Class1RecordBatch = serde_arrow_ipc_record_batch:from_erlang(Class1Columns),
Class2RecordBatch = serde_arrow_ipc_record_batch:from_erlang(Class2Columns),
Class3RecordBatch = serde_arrow_ipc_record_batch:from_erlang(Class3Columns).

Each of these RecordBatches need a body:

Class1Msg = serde_arrow_ipc_message:body_from_erlang(Class1Columns),
Class2Msg = serde_arrow_ipc_message:body_from_erlang(Class2Columns),
Class3Msg = serde_arrow_ipc_message:body_from_erlang(Class3Columns).

Which can then be combined into a message:

Class1Msg = serde_arrow_ipc_message:from_erlang(Class1RecordBatch, Class1Body),
Class2Msg = serde_arrow_ipc_message:from_erlang(Class2RecordBatch, Class3Body),
Class3Msg = serde_arrow_ipc_message:from_erlang(Class3RecordBatch, Class3Body).

If we wanted to, we could serialize these messages into an Encapsulated message:

Class1EMF = serde_arrow_ipc_message:to_ipc(Class1Msg),
Class2EMF = serde_arrow_ipc_message:to_ipc(Class2Msg),
Class3EMF = serde_arrow_ipc_message:to_ipc(Class3Msg).

Typically, you wouldn’t directly use an encapsulated message but a stream or a file instead.

Combining Messages into Streams and Files

Now that we have a schema and some record batches, we can combine them into a stream and a file.
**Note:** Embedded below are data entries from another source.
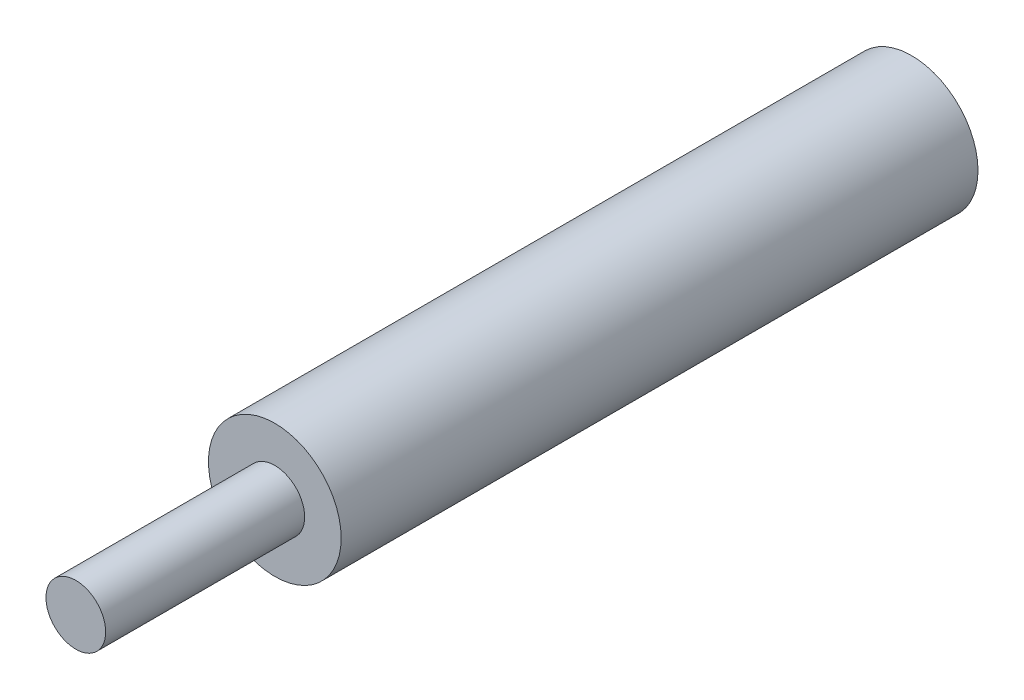
ISO-10303-21;
HEADER;
FILE_DESCRIPTION(('STEP AP214'),'2;1');
FILE_NAME('part.step','',(''),(''),'','','');
FILE_SCHEMA(('AUTOMOTIVE_DESIGN { 1 0 10303 214 1 1 1 1 }'));
ENDSEC;
DATA;
#1=APPLICATION_CONTEXT('core data for automotive mechanical design processes');
#2=APPLICATION_PROTOCOL_DEFINITION('international standard','automotive_design',2000,#1);
#3=PRODUCT_CONTEXT('',#1,'mechanical');
#4=PRODUCT('Part','Part','',(#3));
#5=PRODUCT_RELATED_PRODUCT_CATEGORY('part','',(#4));
#6=PRODUCT_DEFINITION_FORMATION('','',#4);
#7=PRODUCT_DEFINITION_CONTEXT('part definition',#1,'design');
#8=PRODUCT_DEFINITION('design','',#6,#7);
#9=PRODUCT_DEFINITION_SHAPE('','',#8);
#10=(LENGTH_UNIT() NAMED_UNIT(*) SI_UNIT(.MILLI.,.METRE.));
#11=(NAMED_UNIT(*) PLANE_ANGLE_UNIT() SI_UNIT($,.RADIAN.));
#12=(NAMED_UNIT(*) SI_UNIT($,.STERADIAN.) SOLID_ANGLE_UNIT());
#13=UNCERTAINTY_MEASURE_WITH_UNIT(LENGTH_MEASURE(1.E-05),#10,'distance_accuracy_value','');
#14=(GEOMETRIC_REPRESENTATION_CONTEXT(3) GLOBAL_UNCERTAINTY_ASSIGNED_CONTEXT((#13)) GLOBAL_UNIT_ASSIGNED_CONTEXT((#10,
#11,#12)) REPRESENTATION_CONTEXT('',''));
#15=CARTESIAN_POINT('',(0.,0.,0.));
#16=DIRECTION('',(0.,0.,1.));
#17=DIRECTION('',(1.,0.,0.));
#18=AXIS2_PLACEMENT_3D('',#15,#16,#17);
#19=CARTESIAN_POINT('',(0.,0.,80.));
#20=DIRECTION('',(0.,0.,-1.));
#21=DIRECTION('',(-1.,0.,0.));
#22=AXIS2_PLACEMENT_3D('',#19,#20,#21);
#23=CYLINDRICAL_SURFACE('',#22,16.675);
#24=CARTESIAN_POINT('',(0.,0.,80.));
#25=DIRECTION('',(0.,0.,1.));
#26=DIRECTION('',(1.,0.,0.));
#27=AXIS2_PLACEMENT_3D('',#24,#25,#26);
#28=CIRCLE('',#27,16.675);
#29=CARTESIAN_POINT('',(16.675,0.,80.));
#30=VERTEX_POINT('',#29);
#31=EDGE_CURVE('E49',#30,#30,#28,.T.);
#32=ORIENTED_EDGE('',*,*,#31,.F.);
#33=EDGE_LOOP('',(#32));
#34=FACE_BOUND('',#33,.T.);
#35=CARTESIAN_POINT('',(0.,0.,-80.));
#36=DIRECTION('',(0.,0.,1.));
#37=DIRECTION('',(1.,0.,0.));
#38=AXIS2_PLACEMENT_3D('',#35,#36,#37);
#39=CIRCLE('',#38,16.675);
#40=CARTESIAN_POINT('',(16.675,0.,-80.));
#41=VERTEX_POINT('',#40);
#42=EDGE_CURVE('E45',#41,#41,#39,.T.);
#43=ORIENTED_EDGE('',*,*,#42,.T.);
#44=EDGE_LOOP('',(#43));
#45=FACE_BOUND('',#44,.T.);
#46=ADVANCED_FACE('F42',(#34,#45),#23,.T.);
#47=CARTESIAN_POINT('',(0.,0.,80.));
#48=DIRECTION('',(0.,0.,1.));
#49=DIRECTION('',(1.,0.,0.));
#50=AXIS2_PLACEMENT_3D('',#47,#48,#49);
#51=PLANE('',#50);
#52=CARTESIAN_POINT('',(0.,0.,80.));
#53=DIRECTION('',(0.,0.,1.));
#54=DIRECTION('',(1.,0.,0.));
#55=AXIS2_PLACEMENT_3D('',#52,#53,#54);
#56=CIRCLE('',#55,7.5);
#57=CARTESIAN_POINT('',(7.5,0.,80.));
#58=VERTEX_POINT('',#57);
#59=EDGE_CURVE('E10',#58,#58,#56,.T.);
#60=ORIENTED_EDGE('',*,*,#59,.F.);
#61=EDGE_LOOP('',(#60));
#62=FACE_BOUND('',#61,.T.);
#63=ORIENTED_EDGE('',*,*,#31,.T.);
#64=EDGE_LOOP('',(#63));
#65=FACE_BOUND('',#64,.T.);
#66=ADVANCED_FACE('F66',(#62,#65),#51,.T.);
#67=CARTESIAN_POINT('',(0.,0.,-80.));
#68=DIRECTION('',(0.,0.,1.));
#69=DIRECTION('',(1.,0.,0.));
#70=AXIS2_PLACEMENT_3D('',#67,#68,#69);
#71=PLANE('',#70);
#72=ORIENTED_EDGE('',*,*,#42,.F.);
#73=EDGE_LOOP('',(#72));
#74=FACE_BOUND('',#73,.T.);
#75=ADVANCED_FACE('F63',(#74),#71,.F.);
#76=CARTESIAN_POINT('',(0.,0.,130.));
#77=DIRECTION('',(0.,0.,-1.));
#78=DIRECTION('',(-1.,0.,0.));
#79=AXIS2_PLACEMENT_3D('',#76,#77,#78);
#80=CYLINDRICAL_SURFACE('',#79,7.5);
#81=CARTESIAN_POINT('',(0.,0.,130.));
#82=DIRECTION('',(0.,0.,1.));
#83=DIRECTION('',(1.,0.,0.));
#84=AXIS2_PLACEMENT_3D('',#81,#82,#83);
#85=CIRCLE('',#84,7.5);
#86=CARTESIAN_POINT('',(7.5,0.,130.));
#87=VERTEX_POINT('',#86);
#88=EDGE_CURVE('E55',#87,#87,#85,.T.);
#89=ORIENTED_EDGE('',*,*,#88,.F.);
#90=EDGE_LOOP('',(#89));
#91=FACE_BOUND('',#90,.T.);
#92=ORIENTED_EDGE('',*,*,#59,.T.);
#93=EDGE_LOOP('',(#92));
#94=FACE_BOUND('',#93,.T.);
#95=ADVANCED_FACE('F65',(#91,#94),#80,.T.);
#96=CARTESIAN_POINT('',(0.,0.,130.));
#97=DIRECTION('',(0.,0.,1.));
#98=DIRECTION('',(1.,0.,0.));
#99=AXIS2_PLACEMENT_3D('',#96,#97,#98);
#100=PLANE('',#99);
#101=ORIENTED_EDGE('',*,*,#88,.T.);
#102=EDGE_LOOP('',(#101));
#103=FACE_BOUND('',#102,.T.);
#104=ADVANCED_FACE('F71',(#103),#100,.T.);
#105=CLOSED_SHELL('',(#46,#66,#75,#95,#104));
#106=MANIFOLD_SOLID_BREP('B2',#105);
#107=ADVANCED_BREP_SHAPE_REPRESENTATION('',(#18,#106),#14);
#108=SHAPE_DEFINITION_REPRESENTATION(#9,#107);
ENDSEC;
END-ISO-10303-21;

The difference between a stream and a file is thin: a file is a superset of the stream which supports random access and is meant to be saved to a file.

We can create a stream like this:

serde_arrow_ipc_message:to_stream([SchemaMsg, Class1Msg, Class2Msg, Class3Msg]).

Or a file like this:

ErlFile = serde_arrow_ipc_file:from_erlang(SchemaMsg, [Class1Msg, Class2Msg, Class3Msg]),
File = serde_arrow_ipc_file:to_ipc(ErlFile).

We could then save that binary into a file:

file:write_file("/tmp/annual_marks.feather", File).